# Really naive noob question: do Blu-ray discs have the dvd version too?



## merc (Oct 3, 2009)

Thinking about finally getting an oppo Blu-ray player but still have oppo dvd players and standard dvd players in all other rooms and in our vehicles.

If I start buying blu-ray movies, do they also come with dvd versions which we can watch in other rooms and vehicles or do I need to buy both a blu ray and dvd movie?

Thanks for the help and patience with such a dumb noob question.


----------



## Kal Rubinson (Aug 3, 2006)

Bluray discs are not playable on regular DVD players and almost never come with a DVD-version in the box.

Kal


----------



## GranteedEV (Aug 8, 2010)

The Blu Ray disc so that you need the "Blue" wavelength laser to read it, that's how they get so much information onto the disk. A dvd player's red laser just couldn't get information out of that.


----------



## nholmes1 (Oct 7, 2010)

The last 3 blu-ray's I bought also included a DVD version at an increased cost but less than the cost of the DVD purchased seperately.


----------



## tonyvdb (Sep 5, 2007)

Thats all correct however there are a few BluRay combo packs that do have both the BluRay and a DVD copy


----------



## merc (Oct 3, 2009)

Thanks for the help and responses!

Well, in that case, I guess I'll just stick with my dvd world for now.
I was going to buy a blu-ray player and then get the 35th anniversary blu-ray of Rocky Horror($22), but if it doesn't come with the dvd version I'll probably just either get the dvd for around $10 or redbox rent the dvd. 
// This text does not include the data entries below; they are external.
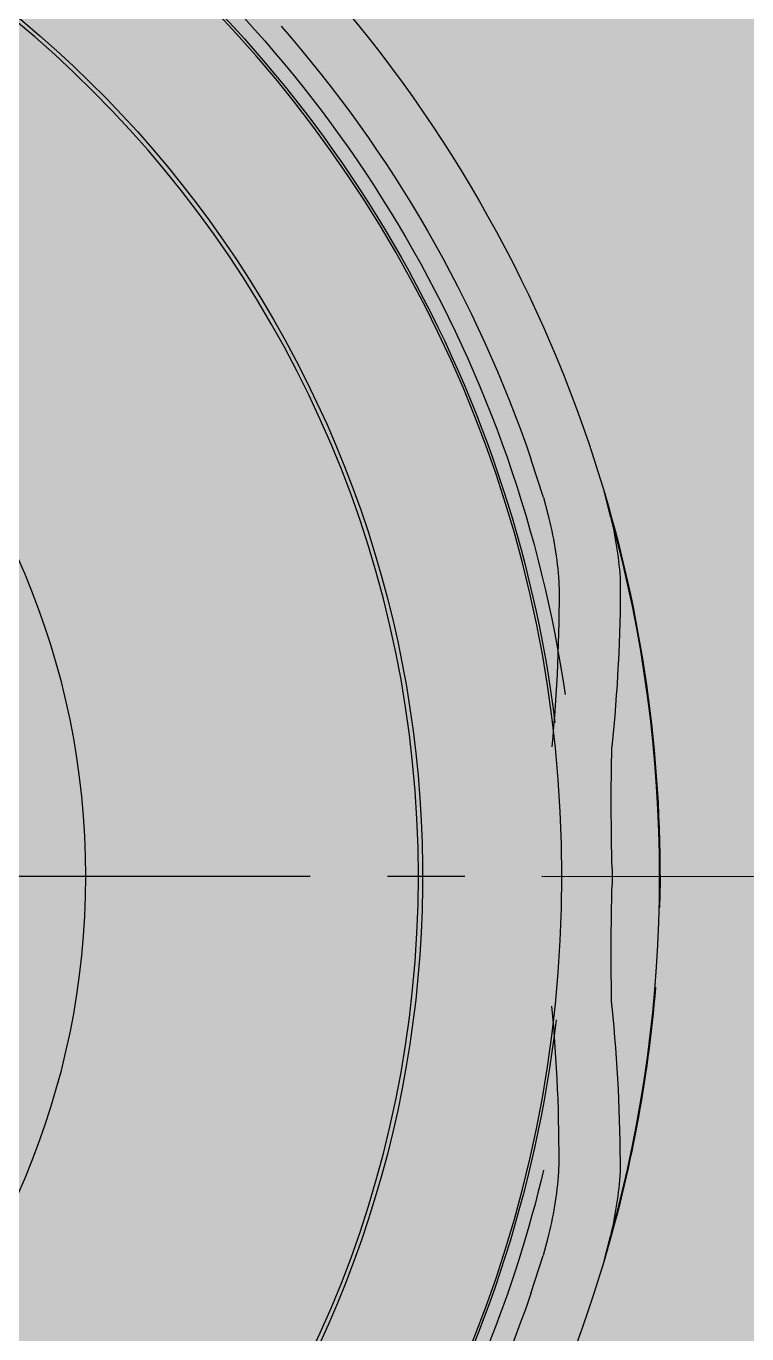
# Model space of a CAD drawing. Header units: millimetres. Extents: x 307301 to 459443, y -2888111 to -2805601.
# Drawn here: x 452148.26 to 452154.09, y -2880583.63 to -2880573.05 of the extents above; entities that cross this region are included whole.
import ezdxf

# ---------------------------------------------------------------- set-up
doc = ezdxf.new("R2010")
doc.units = ezdxf.units.MM
doc.header["$LTSCALE"] = 10
doc.header["$MEASUREMENT"] = 0
doc.linetypes.add('CENTER2', pattern=[1.125, 0.75, -0.125, 0.125, -0.125])
for name, color, linetype in [('$DDT_AUDIT_GENERATED_(131)', 7, 'Continuous'), ('$DDT_AUDIT_GENERATED_(15E)', 7, 'Continuous'), ('$DDT_AUDIT_GENERATED_(224)', 7, 'Continuous'), ('$DDT_AUDIT_GENERATED_(77)', 7, 'Continuous'), ('$DDT_AUDIT_GENERATED_(7E)', 7, 'Continuous'), ('BMA  furniture', 6, 'Continuous'), ('Default', 7, 'Continuous'), ('Furniture - Plan', 3, 'Continuous')]:
    doc.layers.add(name, color=color, linetype=linetype)

# ---------------------------------------------------------------- blocks, each defined once
blk = doc.blocks.new('TUFTUFTU')
at = {"layer": 'Furniture - Plan', "ltscale": 0.01}
h = blk.add_hatch(color=250, dxfattribs=at)
h.dxf.hatch_style = 1
h.set_gradient(color1=(51, 51, 51), color2=(105, 105, 105), one_color=1, tint=0.41, name='INVCYLINDER')
edge = h.paths.add_edge_path()
edge.add_arc((1413476.938, -245799), 296.526, 0, 360)
at = {"layer": '$DDT_AUDIT_GENERATED_(131)', "color": 6, "linetype": 'Continuous'}
for start, end in [(37.8289, 81.7703), (103.389, 136.9318)]:
    blk.add_arc((1413476.938, -245799), 20.547, start, end, dxfattribs=at)
at = {"layer": '$DDT_AUDIT_GENERATED_(15E)', "color": 3, "linetype": 'Continuous'}
for radius in [295.946, 295.558]:
    blk.add_circle((1413476.938, -245799), radius, dxfattribs=at)
at = {"layer": '$DDT_AUDIT_GENERATED_(224)', "color": 3, "linetype": 'Continuous'}
for radius in [300, 296.526, 296.132]:
    blk.add_circle((1413476.938, -245799), radius, dxfattribs=at)
at = {"layer": '$DDT_AUDIT_GENERATED_(77)', "color": 6, "linetype": 'Continuous'}
for radius in [20.285, 17.962, 12.581]:
    blk.add_circle((1413476.938, -245799), radius, dxfattribs=at)
for radius, start, end in [(20.323, 96.5654, 143.5422), (20.323, 36.5181, 82.9685), (18.03, 345.0261, 285.0261)]:
    blk.add_arc((1413476.938, -245799), radius, start, end, dxfattribs=at)
at = {"layer": '$DDT_AUDIT_GENERATED_(7E)', "color": 6, "linetype": 'Continuous'}
for p, q in [((1413470.712, -245778.033), (1413470.184, -245778.198)), ((1413470.712, -245778.033), (1413471.113, -245777.931)), ((1413482.744, -245777.926), (1413483.146, -245778.028)), ((1413483.674, -245778.191), (1413483.146, -245778.028)), ((1413471.064, -245778.947), (1413470.796, -245779.019)), ((1413483.063, -245779.013), (1413482.795, -245778.942)), ((1413470.184, -245779.217), (1413470.796, -245779.019)), ((1413483.063, -245779.013), (1413483.675, -245779.211))]:
    blk.add_line(p, q, dxfattribs=at)
for radius in [62.905, 61.937]:
    blk.add_circle((1413476.938, -245799), radius, dxfattribs=at)
for centre, radius, start, end in [((1413476.938, -245799), 21.872, 94.7285, 106.5398), ((1413476.938, -245799), 21.86, 74.5973, 105.4548), ((1413476.938, -245799), 21.872, 73.5123, 91.3295), ((1413472.531, -245783.834), 6.071, 93.5983, 103.5089), ((1413472.198, -245803.485), 25.71, 84.1255, 90.1068), ((1413481.683, -245803.481), 25.71, 89.9453, 95.9266), ((1413481.331, -245783.834), 6.075, 76.5465, 86.4505), ((1413475.662, -245734.752), 43.166, 268.8954, 271.5065), ((1413476.939, -245799.774), 21.872, 89.6802, 90.3719), ((1413478.152, -245736.461), 41.456, 268.4918, 271.2106), ((1413476.938, -245799), 21.872, 107.9893, 132.0628), ((1413476.938, -245799), 21.872, 47.9893, 72.0628), ((1413472.63, -245785.053), 6.303, 94.3562, 104.3815), ((1413472.395, -245804.413), 25.646, 84.5503, 90.5445), ((1413481.487, -245804.409), 25.647, 89.5077, 95.5017), ((1413481.235, -245785.045), 6.299, 75.6674, 85.6992), ((1413476.938, -245799), 20.904, 108.8514, 131.2007), ((1413476.938, -245799), 20.904, 48.8514, 71.2007)]:
    blk.add_arc(centre, radius, start, end, dxfattribs=at)
at = {"layer": 'Default', "color": 6, "linetype": 'CENTER2'}
blk.add_line((1413476.921, -245760.289), (1413476.956, -245837.711), dxfattribs=at)
blk = doc.blocks.new('SDTYTYT')
at = {"layer": 'Furniture - Plan', "color": 3, "xscale": 0.5000000000000486, "yscale": 0.5000000000000486, "zscale": 0.5000000000000486, "rotation": 180}
blk.add_blockref('TUFTUFTU', (925445.399, -2867082.713), dxfattribs=at)

msp = doc.modelspace()

# ---------------------------------------------------------------- block references
at = {"layer": 'BMA  furniture', "xscale": -1, "rotation": 90}
msp.add_blockref('SDTYTYT', (-2292040.765, -2661873), dxfattribs=at)

doc.saveas('drawing.dxf')

Thanks again for the help.


----------



## bambino (Feb 21, 2010)

There are several Blu-rays that have a DVD packaged in the same carton, most however come with a Digital copy. I guess i shouldn't say most but alot do.:T


----------



## merc (Oct 3, 2009)

bambino said:


> There are several Blu-rays that have a DVD packaged in the same carton, most however come with a Digital copy. I guess i shouldn't say most but alot do.:T


What do you mean by - comes with a "Digital Copy"?


----------



## bambino (Feb 21, 2010)

A digital copy is a disc that you can use to download the movie onto you PC or Ipod etc. You put the disc in and type in a code that comes with the disc and it downloads it to whatever portable device you might be useing, i have not used any of my digital copy's but i think you can only download them to one specific device, such as either your Ipod or PC.:T


----------



## Whsperz (Apr 27, 2010)

As far as Digital Copies are concerned, it is allowed to go to another device one time and no others. It really isn't that useful unless you want it on your mp3 player IMO. I tried it once, wasn't very impressed, not wasting anymore time with it.


----------



## bambino (Feb 21, 2010)

Whsperz said:


> As far as Digital Copies are concerned, it is allowed to go to another device one time and no others. It really isn't that useful unless you want it on your mp3 player IMO. I tried it once, wasn't very impressed, not wasting anymore time with it.


That is how i figuerd they worked do to haveing to input a code to download and all.


----------



## merc (Oct 3, 2009)

Can I DL the digital copy to my pc and then use my dvd copy programs to make a dvd for my family's personal use from the digital copy?


----------



## Ares (Nov 23, 2009)

Short answer no. Here is link to an FAQ on Digital Copy


----------



## merc (Oct 3, 2009)

Thanks Ares.

Sounds like this digital copy is basically worthless...


----------